We see where rollovers are occurring frequently on services to both the USWC and USEC. Carriers are
reinstating some sailings, but the tight space situation will likely continue through at least July. Spot
rates are holding steady, even ticking up slightly over the last week. Some carriers are asking for
premium surcharges to guarantee space on short notice – essentially early peak season charges in
exchange for priority loading on overbooked vessels.

It’s unclear whether this strong demand will continue into the next quarter; it may be a temporary
increase to replenish inventory, or it may be a sign of gradual improvement as world economies start to
reopen from pandemic shutdowns. The Alliances announced aggressive blank sailings for Q3 – 75+
sailings so far, a sign that they are not overly optimistic about the outlook. Carriers are still seeing
volumes at significantly lower levels than the same time last year. They are, however, planning the first
official first peak season surcharges for July.

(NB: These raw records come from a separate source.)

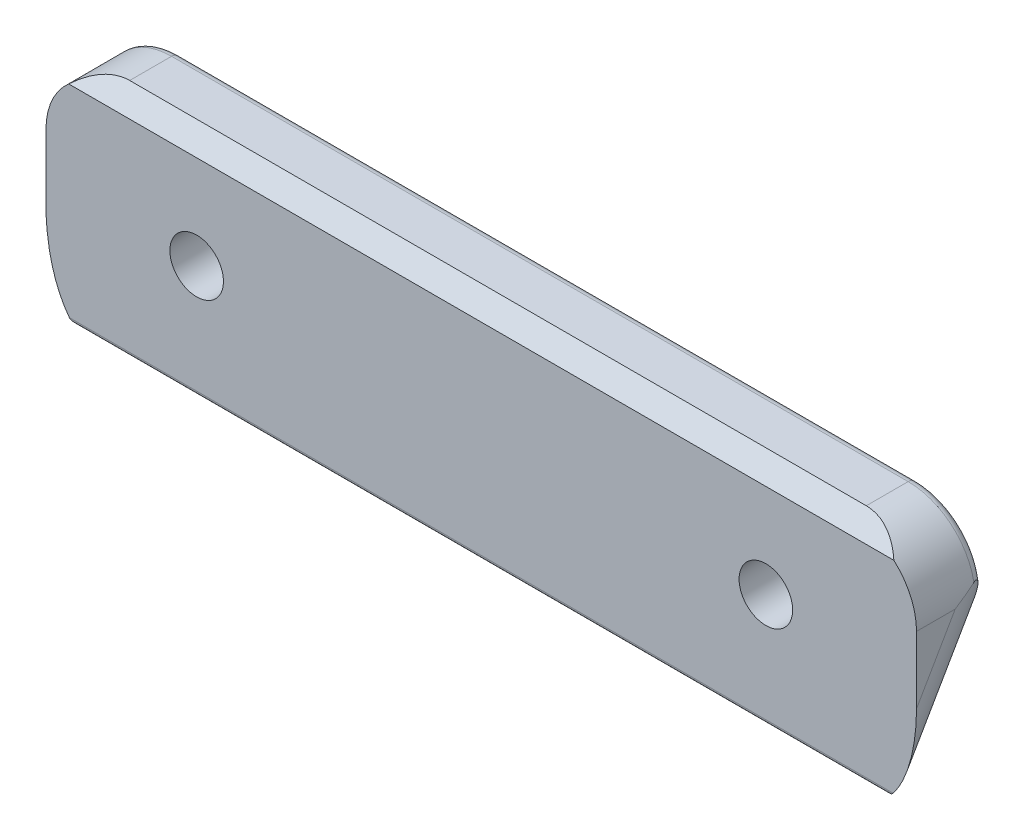
from build123d import *

# Parameters (mm, degrees)
WEDGE_GENERAL_SHAPE_DEPTH      = 73
SIDE_FILLET_R                  = 1.5
CORNER_START                   = -3
CORNER_FILLET_DEPTH            = 4
KNIFE_EDGE_REMOVER_R           = 0.125
CARD_GUIDE_SIZE                = 0.5
SKETCH14_W                     = 47
SKETCH14_H                     = 7
BABY_WEDGE_SHORTENER_DEPTH     = 10
BABY_WEDGE_SIDE_FILLET_R       = 1.5
BABY_START                     = -3
BABY_WEDGE_CORNER_FILLET_DEPTH = 4
M2X0_4_TAPPED_HOLE2_D          = 1.6
BABY_BITE_FILLET_R             = 0.25


with BuildPart() as part:
    # Sketch2 → Wedge General Shape (new body)
    with BuildSketch(Plane(origin=(0, 0, 0), x_dir=(0, 0, -1), z_dir=(1, 0, 0))):
        Polygon((0, 7), (0, 0), (2, 3.464101615), (2, 7), align=None)
    extrude(amount=WEDGE_GENERAL_SHAPE_DEPTH)

    # Side Fillet
    side_fillet_edges = [part.edges().sort_by_distance(p)[0] for p in [
        (73, 1.732050808, -1),
        (0, 1.732050808, -1),
    ]]
    fillet(side_fillet_edges, radius=SIDE_FILLET_R)

    # Corner Fillet: read off the stored shape, not the designer's step
    # Corner Fillet outline → Corner Fillet (cut)
    with BuildSketch(Plane.XY.offset(CORNER_START)):
        with BuildLine():
            Line((73, 7), (71, 7))
            ThreePointArc((71, 7), (72.414213562, 6.414213562), (73, 5))
            Line((73, 5), (73, 7))
        make_face()
        with BuildLine():
            ThreePointArc((0, 5), (0.585786438, 6.414213562), (2, 7))
            Line((2, 7), (0, 7))
            Line((0, 7), (0, 5))
        make_face()
    extrude(amount=CORNER_FILLET_DEPTH, mode=Mode.SUBTRACT)

    # Knife Edge Remover
    # the kernel refuses this fillet: 0.125 mm, written as the material it takes off along each edge
    with BuildSketch(Plane(origin=(0.333734123, 0, 0), x_dir=(0, 1, 0), z_dir=(1, 0, 0))) as knife_edge_remover_piece_1:
        with BuildLine():
            CenterArc((KNIFE_EDGE_REMOVER_R * 3.73205080757, -KNIFE_EDGE_REMOVER_R), KNIFE_EDGE_REMOVER_R, 90, 150)
            Line((KNIFE_EDGE_REMOVER_R * 3.23205080757, -KNIFE_EDGE_REMOVER_R * 1.86602540378), (0, 0))
            Line((0, 0), (KNIFE_EDGE_REMOVER_R * 3.73205080757, 0))
        make_face()
    extrude(amount=72.332531755, mode=Mode.SUBTRACT)

    # Card Guide
    # the kernel refuses this chamfer: 0.5 mm, written as the material it takes off along each edge
    with BuildSketch(Plane(origin=(-0.18593054, 7, 0), x_dir=(0, -1, 0), z_dir=(1, 0, 0))) as card_guide_piece_1:
        Polygon((CARD_GUIDE_SIZE, 0), (0, CARD_GUIDE_SIZE), (0, 0), align=None)
    extrude(amount=73.37186108, mode=Mode.SUBTRACT)

    # Sketch14 → Baby Wedge Shortener (cut)
    with BuildSketch(Plane.XY):
        with Locations((23.5, 3.5)):
            Rectangle(SKETCH14_W, SKETCH14_H)
    extrude(amount=-BABY_WEDGE_SHORTENER_DEPTH, mode=Mode.SUBTRACT)

    # Baby Wedge Side Fillet
    # the kernel refuses this fillet: 1.5 mm, written as the material it takes off along each edge
    with BuildSketch(Plane(origin=(47, -2.843588913, 1.641746825), x_dir=(0, 0.49999999999999317, 0.8660254037844426), z_dir=(0, 0.8660254037844427, -0.4999999999999932))) as baby_wedge_side_fillet_piece_1:
        with BuildLine():
            CenterArc((BABY_WEDGE_SIDE_FILLET_R, BABY_WEDGE_SIDE_FILLET_R), BABY_WEDGE_SIDE_FILLET_R, 180, 90)
            Line((0, BABY_WEDGE_SIDE_FILLET_R), (0, 0))
            Line((0, 0), (BABY_WEDGE_SIDE_FILLET_R, 0))
        make_face()
    extrude(amount=11.033493649, mode=Mode.SUBTRACT)

    # Baby Wedge Corner Fillet: read off the stored shape, not the designer's step
    # Baby Wedge Corner Fillet outline → Baby Wedge Corner Fillet (cut)
    with BuildSketch(Plane.XY.offset(BABY_START)):
        with BuildLine():
            ThreePointArc((47, 5), (47.585786438, 6.414213562), (49, 7))
            Line((49, 7), (47, 7))
            Line((47, 7), (47, 5))
        make_face()
    extrude(amount=BABY_WEDGE_CORNER_FILLET_DEPTH, mode=Mode.SUBTRACT)

    # M2x0.4 Tapped Hole2 (through all)
    with Locations(Plane(origin=(0, 0, -2), x_dir=(-1, 0, 0), z_dir=(0, 0, -1))):
        with Locations((-68.5, 3.702003175), (-51.5, 3.702003175)):
            Hole(M2X0_4_TAPPED_HOLE2_D / 2)

    # Baby Bite Fillet
    baby_bite_fillet_edges = [part.edges().sort_by_distance(p)[0] for p in [
        (47.790438534, 6.592784059, -2),
        (72.209561466, 6.592784059, -2),
        (60, 7, -2),
    ]]
    fillet(baby_bite_fillet_edges, radius=BABY_BITE_FILLET_R)


solid = part.part

What is clear is that carriers will keep capacity tight to
maintain higher rates.

Early booking and forecasting are critical – forecasts at 6-8 weeks out and bookings at 3-4 weeks prior
to cargo ready date are highly recommended. We urge you to proactively communicate any specific
space needs to your dedicated CVI customer service or sales representative.

We are seeing new “speed” ocean services being launched, with 12-day transit from Yantian/Da Chan
Bay to LA. With quick rail connections to major IPI points, you may find this service attractive. Just
know that it is priced at a steep premium! Again, please reach out to your dedicated CVI customer
service or sales representative for more information.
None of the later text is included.